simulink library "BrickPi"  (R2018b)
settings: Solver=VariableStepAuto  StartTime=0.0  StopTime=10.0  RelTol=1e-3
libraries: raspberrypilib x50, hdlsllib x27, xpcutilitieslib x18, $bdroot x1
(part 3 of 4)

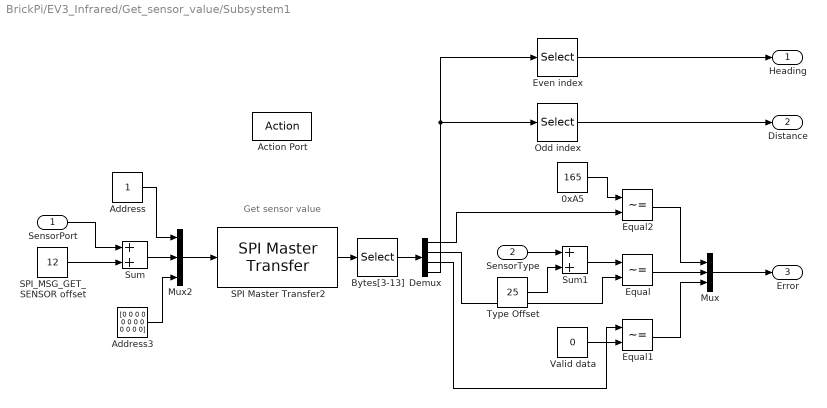
== system BrickPi/EV3_Infrared/Get_sensor_value/Subsystem1 ==
  note: Get sensor value
  SensorPort : Inport
  SensorType : Inport  Port=2  OutDataTypeStr=uint8
  Action Port : ActionPort  ActionType=case
  0xA5 : Constant  Value=165
  "Address " : Constant  OutDataTypeStr=uint8
  Address3 : Constant  Value=[0 0 0 0 0 0 0 0 0 0 0 0]  OutDataTypeStr=uint8
  Bytes[3-13] : Selector  IndexMode=Zero-based  InputPortWidth=14  IndexOptions=Index vector (dialog)  Indices=[3 4 5 6 7 8 9 10 11 12 13]  OutputSizes=1
  Demux : Demux
  Equal : RelationalOperator  Operator=~=  OutDataTypeStr=boolean  RndMeth=Simplest
  Equal1 : RelationalOperator  Operator=~=  OutDataTypeStr=boolean  RndMeth=Simplest
  Equal2 : RelationalOperator  Operator=~=  OutDataTypeStr=boolean  RndMeth=Simplest
  Even index : Selector  IndexMode=Zero-based  InputPortWidth=8  IndexOptions=Index vector (dialog)  Indices=[0 2 4 6]  OutputSizes=1
  Mux : Mux  Inputs=3
  Mux2 : Mux  Inputs=3
  Odd index : Selector  IndexMode=Zero-based  InputPortWidth=8  IndexOptions=Index vector (dialog)  Indices=[1 3 5 7]  OutputSizes=1
  SPI Master Transfer2 : raspberrypilib/SPI Master Transfer  Priority=6  BoardProperty=Pi 3 Model B  SPIModule=uint32(0)  Mode=Master  BusSpeed=1000000  Pin=SPI0_CE1  FirstBitToTransfer=Most significant bit (MSB)  ClockMode=0  BlockFunction=Transfer  RegisterAddress=0  OutputDataType=int8  OutputDataLength=1
      settings: SourceProductName=Simulink Support Package for Raspberry Pi Hardware  SourceProductBaseCode=RASPPI
  SPI_MSG_GET_ SENSOR offset : Constant  Value=12  OutMin=[1]  OutMax=[28]  OutDataTypeStr=uint8
  Sum : Sum  OutDataTypeStr=uint8
  Sum1 : Sum  OutDataTypeStr=uint8
  Type Offset : Constant  Value=25  OutDataTypeStr=uint8
  Valid data : Constant  Value=0  OutDataTypeStr=uint8
  Heading : Outport
  Distance : Outport  Port=2
  Error : Outport  Port=3
  wires:
  Equal2/1 -> Mux/1
  Demux/1 -> Equal2/2
  SPI_MSG_GET_ SENSOR offset/1 -> Sum/2
  Demux/3 -> Equal1/1
  Equal/1 -> Mux/2
  Demux/2 -> Equal/2
  Equal1/1 -> Mux/3
  "Address "/1 -> Mux2/1
  Valid data/1 -> Equal1/2
  Mux/1 -> Error/1
  Mux2/1 -> SPI Master Transfer2/1
  SPI Master Transfer2/1 -> Bytes[3-13]/1
  Bytes[3-13]/1 -> Demux/1
  Address3/1 -> Mux2/3
  SensorPort/1 -> Sum/1
  Sum/1 -> Mux2/2
  0xA5/1 -> Equal2/1
  Demux/4 -> Odd index/1, Even index/1
  Odd index/1 -> Distance/1
  Even index/1 -> Heading/1
  SensorType/1 -> Sum1/1
  Type Offset/1 -> Sum1/2
  Sum1/1 -> Equal/1

== system BrickPi/EV3_Infrared/Get_sensor_value/Subsystem2 ==
  note: Get sensor value
  SensorPort : Inport
  SensorType : Inport  Port=2  OutDataTypeStr=uint8
  Action Port : ActionPort  ActionType=case
  0xA5 : Constant  Value=165
  "Address " : Constant  OutDataTypeStr=uint8
  Address3 : Constant  Value=[0 0 0 0 0 0 0 0]  OutDataTypeStr=uint8
  Bytes[3-9] : Selector  IndexMode=Zero-based  InputPortWidth=10  IndexOptions=Index vector (dialog)  Indices=[3 4 5 6 7 8 9]  OutputSizes=1
  Demux : Demux
  Equal : RelationalOperator  Operator=~=  OutDataTypeStr=boolean  RndMeth=Simplest
  Equal1 : RelationalOperator  Operator=~=  OutDataTypeStr=boolean  RndMeth=Simplest
  Equal2 : RelationalOperator  Operator=~=  OutDataTypeStr=boolean  RndMeth=Simplest
  Mux : Mux  Inputs=3
  Mux2 : Mux  Inputs=3
  SPI Master Transfer2 : raspberrypilib/SPI Master Transfer  Priority=6  BoardProperty=Pi 3 Model B  SPIModule=uint32(0)  Mode=Master  BusSpeed=1000000  Pin=SPI0_CE1  FirstBitToTransfer=Most significant bit (MSB)  ClockMode=0  BlockFunction=Transfer  RegisterAddress=0  OutputDataType=int8  OutputDataLength=1
      settings: SourceProductName=Simulink Support Package for Raspberry Pi Hardware  SourceProductBaseCode=RASPPI
  SPI_MSG_GET_ SENSOR offset : Constant  Value=12  OutMin=[1]  OutMax=[28]  OutDataTypeStr=uint8
  Sum : Sum  OutDataTypeStr=uint8
  Sum1 : Sum  OutDataTypeStr=uint8
  Type Offset : Constant  Value=25  OutDataTypeStr=uint8
  Valid data : Constant  Value=0  OutDataTypeStr=uint8
  Remote : Outport
  Error : Outport  Port=2
  wires:
  Sum1/1 -> Equal/1
  Type Offset/1 -> Sum1/2
  SensorType/1 -> Sum1/1
  Demux/4 -> Remote/1
  0xA5/1 -> Equal2/1
  Sum/1 -> Mux2/2
  SensorPort/1 -> Sum/1
  Address3/1 -> Mux2/3
  Bytes[3-9]/1 -> Demux/1
  SPI Master Transfer2/1 -> Bytes[3-9]/1
  Mux2/1 -> SPI Master Transfer2/1
  Mux/1 -> Error/1
  Valid data/1 -> Equal1/2
  "Address "/1 -> Mux2/1
  Equal1/1 -> Mux/3
  Demux/2 -> Equal/2
  Equal/1 -> Mux/2
  Demux/3 -> Equal1/1
  SPI_MSG_GET_ SENSOR offset/1 -> Sum/2
  Demux/1 -> Equal2/2
  Equal2/1 -> Mux/1

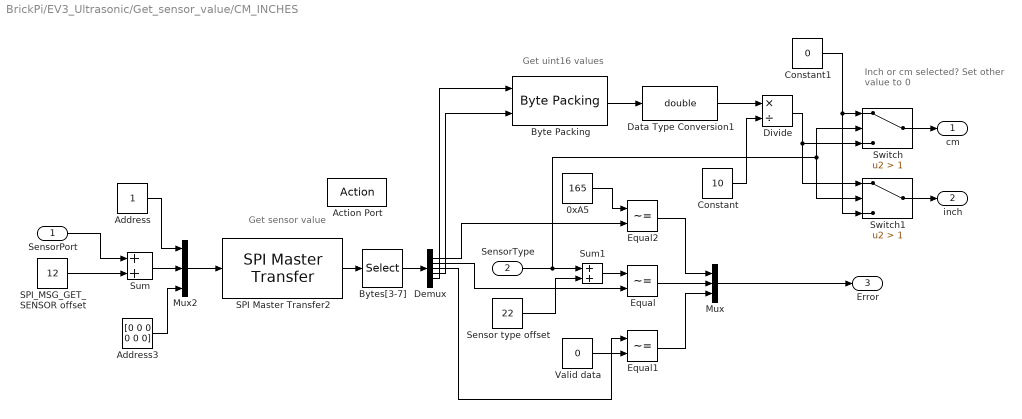
== system BrickPi/EV3_Ultrasonic/Get_sensor_value/CM_INCHES ==
  note: Inch or cm selected?
      | Set other value to 0
  note: Get uint16 values
  note: Get sensor value
  SensorPort : Inport
  SensorType : Inport  Port=2  OutDataTypeStr=uint8
  Action Port : ActionPort  ActionType=case
  0xA5 : Constant  Value=165
  "Address " : Constant  OutDataTypeStr=uint8
  Address3 : Constant  Value=[0 0 0 0 0 0]  OutDataTypeStr=uint8
  "Byte Packing " : xpcutilitieslib/Byte Packing   MaskPackedDataType=uint16  MaskUnpackedDataTypes={'uint8','uint8'}  MaskAlignment=1
  Bytes[3-7] : Selector  IndexMode=Zero-based  InputPortWidth=8  IndexOptions=Index vector (dialog)  Indices=[3 4 5 6 7]  OutputSizes=1
  Constant : Constant  Value=10
  Constant1 : Constant  Value=0
  Data Type Conversion1 : DataTypeConversion  OutDataTypeStr=double
  Demux : Demux  Outputs=5
  Divide : Product  Inputs=*/
  Equal : RelationalOperator  Operator=~=  OutDataTypeStr=boolean  RndMeth=Simplest
  Equal1 : RelationalOperator  Operator=~=  OutDataTypeStr=boolean  RndMeth=Simplest
  Equal2 : RelationalOperator  Operator=~=  OutDataTypeStr=boolean  RndMeth=Simplest
  Mux : Mux  Inputs=3
  Mux2 : Mux  Inputs=3
  SPI Master Transfer2 : raspberrypilib/SPI Master Transfer  Priority=6  BoardProperty=Pi 3 Model B  SPIModule=uint32(0)  Mode=Master  BusSpeed=1000000  Pin=SPI0_CE1  FirstBitToTransfer=Most significant bit (MSB)  ClockMode=0  BlockFunction=Transfer  RegisterAddress=0  OutputDataType=int8  OutputDataLength=1
      settings: SourceProductName=Simulink Support Package for Raspberry Pi Hardware  SourceProductBaseCode=RASPPI
  SPI_MSG_GET_ SENSOR offset : Constant  Value=12  OutMin=[1]  OutMax=[28]  OutDataTypeStr=uint8
  Sensor type offset : Constant  Value=22  OutDataTypeStr=uint8
  Sum : Sum  OutDataTypeStr=uint8
  Sum1 : Sum
  Switch : Switch  Criteria=u2 > Threshold  Threshold=1
  Switch1 : Switch  Criteria=u2 > Threshold  Threshold=1
  Valid data : Constant  Value=0  OutDataTypeStr=uint8
  cm : Outport
  inch : Outport  Port=2
  Error : Outport  Port=3
  wires:
  0xA5/1 -> Equal2/1
  Equal1/1 -> Mux/3
  Equal2/1 -> Mux/1
  SPI Master Transfer2/1 -> Bytes[3-7]/1
  SensorType/1 -> Switch/2, Switch1/2, Sum1/1
  "Address "/1 -> Mux2/1
  Sum/1 -> Mux2/2
  Sensor type offset/1 -> Sum1/2
  Address3/1 -> Mux2/3
  Demux/2 -> Equal/2
  Mux2/1 -> SPI Master Transfer2/1
  Valid data/1 -> Equal1/2
  Demux/3 -> Equal1/1
  Sum1/1 -> Equal/1
  Mux/1 -> Error/1
  SPI_MSG_GET_ SENSOR offset/1 -> Sum/2
  Demux/1 -> Equal2/2
  Bytes[3-7]/1 -> Demux/1
  SensorPort/1 -> Sum/1
  Equal/1 -> Mux/2
  "Byte Packing "/1 -> Data Type Conversion1/1
  Data Type Conversion1/1 -> Divide/1
  Constant/1 -> Divide/2
  Switch/1 -> cm/1
  Switch1/1 -> inch/1
  Divide/1 -> Switch/3, Switch1/1
  Constant1/1 -> Switch/1, Switch1/3
  Demux/4 -> "Byte Packing "/2
  Demux/5 -> "Byte Packing "/1

== system BrickPi/EV3_Ultrasonic/Get_sensor_value/LISTEN ==
  note: Get sensor value
  SensorPort : Inport
  Action Port : ActionPort  ActionType=case
  0xA5 : Constant  Value=165
  "Address " : Constant  OutDataTypeStr=uint8
  Address3 : Constant  Value=[0 0 0 0 0]  OutDataTypeStr=uint8
  Bytes[3-6] : Selector  IndexMode=Zero-based  InputPortWidth=7  IndexOptions=Index vector (dialog)  Indices=[3 4 5 6]  OutputSizes=1
  Cast To Boolean : DataTypeConversion  OutDataTypeStr=boolean
  Demux : Demux
  Mux : Mux  Inputs=3
  Mux2 : Mux  Inputs=3
  NAND : Logic  Operator=NAND  IconShape=distinctive  AllPortsSameDT=off  OutDataTypeStr=boolean
  NAND1 : Logic  Operator=NAND  IconShape=distinctive  AllPortsSameDT=off  OutDataTypeStr=boolean
  OR1 : Logic  Operator=OR  IconShape=distinctive  AllPortsSameDT=off  OutDataTypeStr=boolean
  SPI Master Transfer2 : raspberrypilib/SPI Master Transfer  Priority=6  BoardProperty=Pi 3 Model B  SPIModule=uint32(0)  Mode=Master  BusSpeed=1000000  Pin=SPI0_CE1  FirstBitToTransfer=Most significant bit (MSB)  ClockMode=0  BlockFunction=Transfer  RegisterAddress=0  OutputDataType=int8  OutputDataLength=1
      settings: SourceProductName=Simulink Support Package for Raspberry Pi Hardware  SourceProductBaseCode=RASPPI
  SPI_MSG_GET_ SENSOR offset : Constant  Value=12  OutMin=[1]  OutMax=[28]  OutDataTypeStr=uint8
  Sum : Sum  OutDataTypeStr=uint8
  ULTRASONIC_LISTEN : Constant  Value=25  OutMin=[1]  OutMax=[28]  OutDataTypeStr=uint8
  Valid data : Constant  Value=0  OutDataTypeStr=uint8
  presence : Outport
  Error : Outport  Port=2
  wires:
  ULTRASONIC_LISTEN/1 -> NAND1/1
  NAND/1 -> Mux/1
  SPI Master Transfer2/1 -> Bytes[3-6]/1
  Valid data/1 -> OR1/2
  Sum/1 -> Mux2/2
  0xA5/1 -> NAND/1
  Demux/3 -> OR1/1
  Mux2/1 -> SPI Master Transfer2/1
  Address3/1 -> Mux2/3
  NAND1/1 -> Mux/2
  Demux/2 -> NAND1/2
  "Address "/1 -> Mux2/1
  Demux/4 -> Cast To Boolean/1
  Demux/1 -> NAND/2
  SensorPort/1 -> Sum/1
  SPI_MSG_GET_ SENSOR offset/1 -> Sum/2
  Mux/1 -> Error/1
  OR1/1 -> Mux/3
  Bytes[3-6]/1 -> Demux/1
  Cast To Boolean/1 -> presence/1

== system BrickPi/Motor_Encoder/Get Encoder Value/Switch Case Action Subsystem ==
  note: Change from zero to nonzero?
  note: Change in input signal?
  ExtSignal : Inport
  MotorPort : Inport  Port=2
  Action Port : ActionPort  ActionType=case
  AND : Logic  IconShape=distinctive  AllPortsSameDT=off  OutDataTypeStr=boolean
  Constant : Constant  Value=0
  Equal : RelationalOperator  Operator=~=  OutDataTypeStr=boolean  RndMeth=Simplest
  Equal1 : RelationalOperator  Operator=~=  OutDataTypeStr=boolean  RndMeth=Simplest
  Memory : Memory
  Subsystem : Subsystem
  wires:
  Equal/1 -> AND/1
  Equal1/1 -> AND/2
  Memory/1 -> Equal/1
  Constant/1 -> Equal1/2
  ExtSignal/1 -> Equal1/1, Equal/2, Memory/1
  AND/1 -> Subsystem/Enable
  MotorPort/1 -> Subsystem/1(MotorPort)

== system BrickPi/Motor_Encoder/Reset Encoder once/Encoder ==
  note: Get motor encoder
  MotorPort : Inport
  0xA5 : Constant  Value=165
  "Address " : Constant  OutDataTypeStr=uint8
  Address3 : Constant  Value=[0 0 0 0 0 0 0 0]  OutDataTypeStr=uint8
  "Byte Packing " : xpcutilitieslib/Byte Packing   MaskPackedDataType=int32  MaskUnpackedDataTypes={'uint8', 'uint8', 'uint8', 'uint8'}  MaskAlignment=1
  Bytes[3-7] : Selector  IndexMode=Zero-based  InputPortWidth=10  IndexOptions=Index vector (dialog)  Indices=[3 4 5 6 7]  OutputSizes=1
  Demux : Demux  Outputs=5
  Mux2 : Mux  Inputs=3
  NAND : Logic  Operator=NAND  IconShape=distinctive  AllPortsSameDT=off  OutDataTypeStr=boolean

**DIRECTIONS FOR THIS TASK**
Every line in the material above that has the word "DataTypeConversion" should be copied.

**RESPONSE TO THE TASK**
  Data Type Conversion1 : DataTypeConversion  OutDataTypeStr=double
  Cast To Boolean : DataTypeConversion  OutDataTypeStr=boolean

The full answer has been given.